David Amor: «Caballero nos está poniendo fácil el trabajo a los humoristas»

El monologuista forma parte junto a Rober Bodegas, Javier Veiga, Oswaldo Digón y Eva Soriano de «La mariscada de los idiotas», un espéctaculo lleno de buen humor que llega a Santiago y Vigo los días 3 y 4 de enero


 David Amor (Salceda de Caselas, Pontevedra, 1980) lleva más de diez años subido a los escenarios para hacernos reír, una faceta que también le ha abierto las puertas de la actuación. Ahora llega a Galicia formando parte de una «banda» de cómicos para celebrar La mariscada de los idiotas.

-¿Cómo surge el nombre de «La mariscada de los idiotas»?

-Surge del buen ambiente que hay en la comedia gallega. Somos un grupo que nos llevamos genial y solo nos veíamos trabajando, y pasaba como cuando vas a los entierros que dices: 'A ver si nos vemos en otra ocasión'... Y pusimos una fecha para estar todos juntos encima del escenario.
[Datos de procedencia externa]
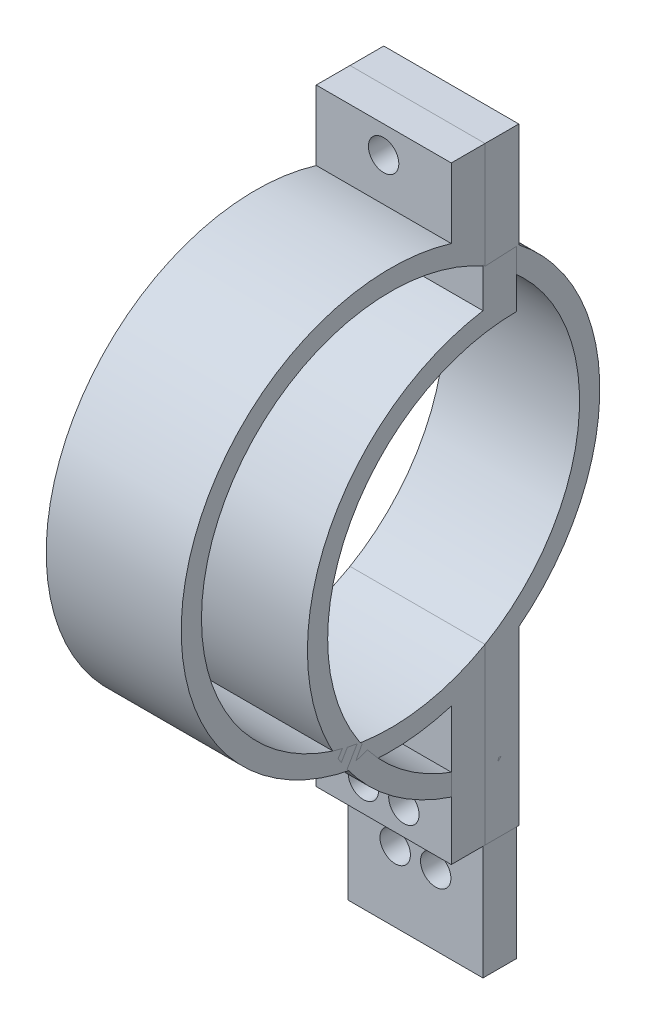
ISO-10303-21;
HEADER;
FILE_DESCRIPTION(('STEP AP214'),'2;1');
FILE_NAME('part.step','',(''),(''),'','','');
FILE_SCHEMA(('AUTOMOTIVE_DESIGN { 1 0 10303 214 1 1 1 1 }'));
ENDSEC;
DATA;
#1=APPLICATION_CONTEXT('core data for automotive mechanical design processes');
#2=APPLICATION_PROTOCOL_DEFINITION('international standard','automotive_design',2000,#1);
#3=PRODUCT_CONTEXT('',#1,'mechanical');
#4=PRODUCT('Part','Part','',(#3));
#5=PRODUCT_RELATED_PRODUCT_CATEGORY('part','',(#4));
#6=PRODUCT_DEFINITION_FORMATION('','',#4);
#7=PRODUCT_DEFINITION_CONTEXT('part definition',#1,'design');
#8=PRODUCT_DEFINITION('design','',#6,#7);
#9=PRODUCT_DEFINITION_SHAPE('','',#8);
#10=(LENGTH_UNIT() NAMED_UNIT(*) SI_UNIT(.MILLI.,.METRE.));
#11=(NAMED_UNIT(*) PLANE_ANGLE_UNIT() SI_UNIT($,.RADIAN.));
#12=(NAMED_UNIT(*) SI_UNIT($,.STERADIAN.) SOLID_ANGLE_UNIT());
#13=UNCERTAINTY_MEASURE_WITH_UNIT(LENGTH_MEASURE(1.E-05),#10,'distance_accuracy_value','');
#14=(GEOMETRIC_REPRESENTATION_CONTEXT(3) GLOBAL_UNCERTAINTY_ASSIGNED_CONTEXT((#13)) GLOBAL_UNIT_ASSIGNED_CONTEXT((#10,
#11,#12)) REPRESENTATION_CONTEXT('',''));
#15=CARTESIAN_POINT('',(0.,0.,0.));
#16=DIRECTION('',(0.,0.,1.));
#17=DIRECTION('',(1.,0.,0.));
#18=AXIS2_PLACEMENT_3D('',#15,#16,#17);
#19=CARTESIAN_POINT('',(20.,0.,4.69181112515571));
#20=DIRECTION('',(0.,0.,-1.));
#21=DIRECTION('',(-1.,0.,0.));
#22=AXIS2_PLACEMENT_3D('',#19,#20,#21);
#23=PLANE('',#22);
#24=CARTESIAN_POINT('',(9.97943321751738,47.895945659677,4.69181112515571));
#25=DIRECTION('',(0.,0.,-1.));
#26=DIRECTION('',(-1.,0.,0.));
#27=AXIS2_PLACEMENT_3D('',#24,#25,#26);
#28=CIRCLE('',#27,2.25);
#29=CARTESIAN_POINT('',(7.72943321751738,47.895945659677,4.69181112515571));
#30=VERTEX_POINT('',#29);
#31=EDGE_CURVE('E185',#30,#30,#28,.T.);
#32=ORIENTED_EDGE('',*,*,#31,.T.);
#33=EDGE_LOOP('',(#32));
#34=FACE_BOUND('',#33,.T.);
#35=DIRECTION('',(0.,-1.,0.));
#36=VECTOR('',#35,1.);
#37=CARTESIAN_POINT('',(0.,0.,4.69181112515571));
#38=LINE('',#37,#36);
#39=CARTESIAN_POINT('',(0.,51.895945659677,4.69181112515571));
#40=VERTEX_POINT('',#39);
#41=CARTESIAN_POINT('',(0.,36.1446569656412,4.69181112515571));
#42=VERTEX_POINT('',#41);
#43=EDGE_CURVE('E155',#40,#42,#38,.T.);
#44=ORIENTED_EDGE('',*,*,#43,.T.);
#45=DIRECTION('',(-1.,0.,0.));
#46=VECTOR('',#45,1.);
#47=CARTESIAN_POINT('',(20.,36.1446569656412,4.69181112515571));
#48=LINE('',#47,#46);
#49=CARTESIAN_POINT('',(20.,36.1446569656412,4.69181112515571));
#50=VERTEX_POINT('',#49);
#51=EDGE_CURVE('E12',#50,#42,#48,.T.);
#52=ORIENTED_EDGE('',*,*,#51,.F.);
#53=DIRECTION('',(0.,-1.,0.));
#54=VECTOR('',#53,1.);
#55=CARTESIAN_POINT('',(20.,0.,4.69181112515571));
#56=LINE('',#55,#54);
#57=CARTESIAN_POINT('',(20.,51.895945659677,4.69181112515571));
#58=VERTEX_POINT('',#57);
#59=EDGE_CURVE('E114',#58,#50,#56,.T.);
#60=ORIENTED_EDGE('',*,*,#59,.F.);
#61=DIRECTION('',(-1.,0.,0.));
#62=VECTOR('',#61,1.);
#63=CARTESIAN_POINT('',(20.,51.895945659677,4.69181112515571));
#64=LINE('',#63,#62);
#65=EDGE_CURVE('E76',#58,#40,#64,.T.);
#66=ORIENTED_EDGE('',*,*,#65,.T.);
#67=EDGE_LOOP('',(#44,#52,#60,#66));
#68=FACE_BOUND('',#67,.T.);
#69=ADVANCED_FACE('F58',(#34,#68),#23,.F.);
#70=CARTESIAN_POINT('',(20.,11.895945659677,18.6918111251557));
#71=DIRECTION('',(-1.,0.,0.));
#72=DIRECTION('',(0.,0.,1.));
#73=AXIS2_PLACEMENT_3D('',#70,#71,#72);
#74=CYLINDRICAL_SURFACE('',#73,28.);
#75=CARTESIAN_POINT('',(0.,11.895945659677,18.6918111251557));
#76=DIRECTION('',(1.,0.,0.));
#77=DIRECTION('',(0.,0.,-1.));
#78=AXIS2_PLACEMENT_3D('',#75,#76,#77);
#79=CIRCLE('',#78,28.);
#80=CARTESIAN_POINT('',(0.,-12.3527656462873,4.69181112515571));
#81=VERTEX_POINT('',#80);
#82=EDGE_CURVE('E157',#81,#42,#79,.T.);
#83=ORIENTED_EDGE('',*,*,#82,.F.);
#84=DIRECTION('',(-1.,0.,0.));
#85=VECTOR('',#84,1.);
#86=CARTESIAN_POINT('',(20.,-12.3527656462873,4.69181112515571));
#87=LINE('',#86,#85);
#88=CARTESIAN_POINT('',(20.,-12.3527656462873,4.69181112515571));
#89=VERTEX_POINT('',#88);
#90=EDGE_CURVE('E67',#89,#81,#87,.T.);
#91=ORIENTED_EDGE('',*,*,#90,.F.);
#92=CARTESIAN_POINT('',(20.,11.895945659677,18.6918111251557));
#93=DIRECTION('',(1.,0.,0.));
#94=DIRECTION('',(0.,0.,-1.));
#95=AXIS2_PLACEMENT_3D('',#92,#93,#94);
#96=CIRCLE('',#95,28.);
#97=EDGE_CURVE('E201',#89,#50,#96,.T.);
#98=ORIENTED_EDGE('',*,*,#97,.T.);
#99=ORIENTED_EDGE('',*,*,#51,.T.);
#100=EDGE_LOOP('',(#83,#91,#98,#99));
#101=FACE_BOUND('',#100,.T.);
#102=ADVANCED_FACE('F232',(#101),#74,.F.);
#103=CARTESIAN_POINT('',(20.,0.,4.69181112515571));
#104=DIRECTION('',(0.,0.,-1.));
#105=DIRECTION('',(-1.,0.,0.));
#106=AXIS2_PLACEMENT_3D('',#103,#104,#105);
#107=PLANE('',#106);
#108=CARTESIAN_POINT('',(6.97943321751738,-34.0266817201343,4.69181112515571));
#109=DIRECTION('',(0.,0.,-1.));
#110=DIRECTION('',(-1.,0.,0.));
#111=AXIS2_PLACEMENT_3D('',#108,#109,#110);
#112=CIRCLE('',#111,2.25000000000001);
#113=CARTESIAN_POINT('',(4.72943321751738,-34.0266817201343,4.69181112515571));
#114=VERTEX_POINT('',#113);
#115=EDGE_CURVE('E158',#114,#114,#112,.T.);
#116=ORIENTED_EDGE('',*,*,#115,.T.);
#117=EDGE_LOOP('',(#116));
#118=FACE_BOUND('',#117,.T.);
#119=CARTESIAN_POINT('',(12.9794332175174,-34.104054340323,4.69181112515571));
#120=DIRECTION('',(0.,0.,-1.));
#121=DIRECTION('',(-1.,0.,0.));
#122=AXIS2_PLACEMENT_3D('',#119,#120,#121);
#123=CIRCLE('',#122,2.25);
#124=CARTESIAN_POINT('',(10.7294332175174,-34.104054340323,4.69181112515571));
#125=VERTEX_POINT('',#124);
#126=EDGE_CURVE('E188',#125,#125,#123,.T.);
#127=ORIENTED_EDGE('',*,*,#126,.T.);
#128=EDGE_LOOP('',(#127));
#129=FACE_BOUND('',#128,.T.);
#130=DIRECTION('',(0.,-1.,0.));
#131=VECTOR('',#130,1.);
#132=CARTESIAN_POINT('',(0.,0.,4.69181112515571));
#133=LINE('',#132,#131);
#134=CARTESIAN_POINT('',(0.,-38.104054340323,4.69181112515571));
#135=VERTEX_POINT('',#134);
#136=EDGE_CURVE('E161',#81,#135,#133,.T.);
#137=ORIENTED_EDGE('',*,*,#136,.T.);
#138=DIRECTION('',(-1.,0.,0.));
#139=VECTOR('',#138,1.);
#140=CARTESIAN_POINT('',(20.,-38.104054340323,4.69181112515571));
#141=LINE('',#140,#139);
#142=CARTESIAN_POINT('',(20.,-38.104054340323,4.69181112515571));
#143=VERTEX_POINT('',#142);
#144=EDGE_CURVE('E179',#143,#135,#141,.T.);
#145=ORIENTED_EDGE('',*,*,#144,.F.);
#146=DIRECTION('',(0.,-1.,0.));
#147=VECTOR('',#146,1.);
#148=CARTESIAN_POINT('',(20.,0.,4.69181112515571));
#149=LINE('',#148,#147);
#150=EDGE_CURVE('E204',#89,#143,#149,.T.);
#151=ORIENTED_EDGE('',*,*,#150,.F.);
#152=ORIENTED_EDGE('',*,*,#90,.T.);
#153=EDGE_LOOP('',(#137,#145,#151,#152));
#154=FACE_BOUND('',#153,.T.);
#155=ADVANCED_FACE('F238',(#118,#129,#154),#107,.F.);
#156=CARTESIAN_POINT('',(20.,-38.104054340323,0.));
#157=DIRECTION('',(0.,1.,0.));
#158=DIRECTION('',(0.,0.,1.));
#159=AXIS2_PLACEMENT_3D('',#156,#157,#158);
#160=PLANE('',#159);
#161=DIRECTION('',(0.,0.,-1.));
#162=VECTOR('',#161,1.);
#163=CARTESIAN_POINT('',(0.,-38.104054340323,0.));
#164=LINE('',#163,#162);
#165=CARTESIAN_POINT('',(0.,-38.104054340323,-0.308188874844293));
#166=VERTEX_POINT('',#165);
#167=EDGE_CURVE('E163',#135,#166,#164,.T.);
#168=ORIENTED_EDGE('',*,*,#167,.T.);
#169=DIRECTION('',(-1.,0.,0.));
#170=VECTOR('',#169,1.);
#171=CARTESIAN_POINT('',(20.,-38.104054340323,-0.308188874844293));
#172=LINE('',#171,#170);
#173=CARTESIAN_POINT('',(20.,-38.104054340323,-0.308188874844293));
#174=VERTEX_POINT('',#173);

Y siendo en Galicia, en lugar de la cena de los idiotas, pensamos: que mejor que una mariscada. Vienen humoristas invitados a participar con nosotros ese día.

-¡Y además el mejor cómico se gana una mariscada!

-Sí, sí, el espectáculo es real. El que gana es el que lo celebra comiendo.

-Hay más improvisación, ¿no?

-Sí, porque Javier Veiga y yo estamos por el escenario, disfrutando como un espectador más, pero con el peligro de que tenemos micro, podemos interactuar con el cómico que está haciendo su show. Nos quedamos en directo con ellos cenando la mariscada. Tiene un punto más gamberro, de viveza y de «repentismo».

-¿Qué tipo de marisco cenáis?

-La última vez nos tomamos unas centollas espectaculares con un vino blanco. Es difícil atender a la actuación, ja, ja, ja.

-Es lo más parecido a una cena de Navidad: comes y te metes con el de al lado.

-Sí, pero con público, ja, ja.

-¿Tú eres de risa fácil?

-Sí, de hecho yo casi me considero más espectador de comedia que no protagonista. A mí me gustaba más mirar la comedia, estudiarla, ver cómo funcionaba. Ver dónde están los resortes para hacer reír.

-¿Y dónde están?

-La comedia está muy relacionada con las matemáticas. Hay una estructura y por supuesto un talento también. Hay una táctica, una estrategia, es como un deporte, o como el ajedrez. Existe una regla de tres para que un gag funcione: hay que plantearlo tres veces. La primera vez para que el público conozca la premisa, una segunda para que vea la repetición y en la tercera rompes con sorpresa esa resolución.

-Tú también fuiste un gran deportista, así que lo tienes más «chupao».

-Sí, bueno, el balonmano me sirvió para aprender la disciplina y la constancia.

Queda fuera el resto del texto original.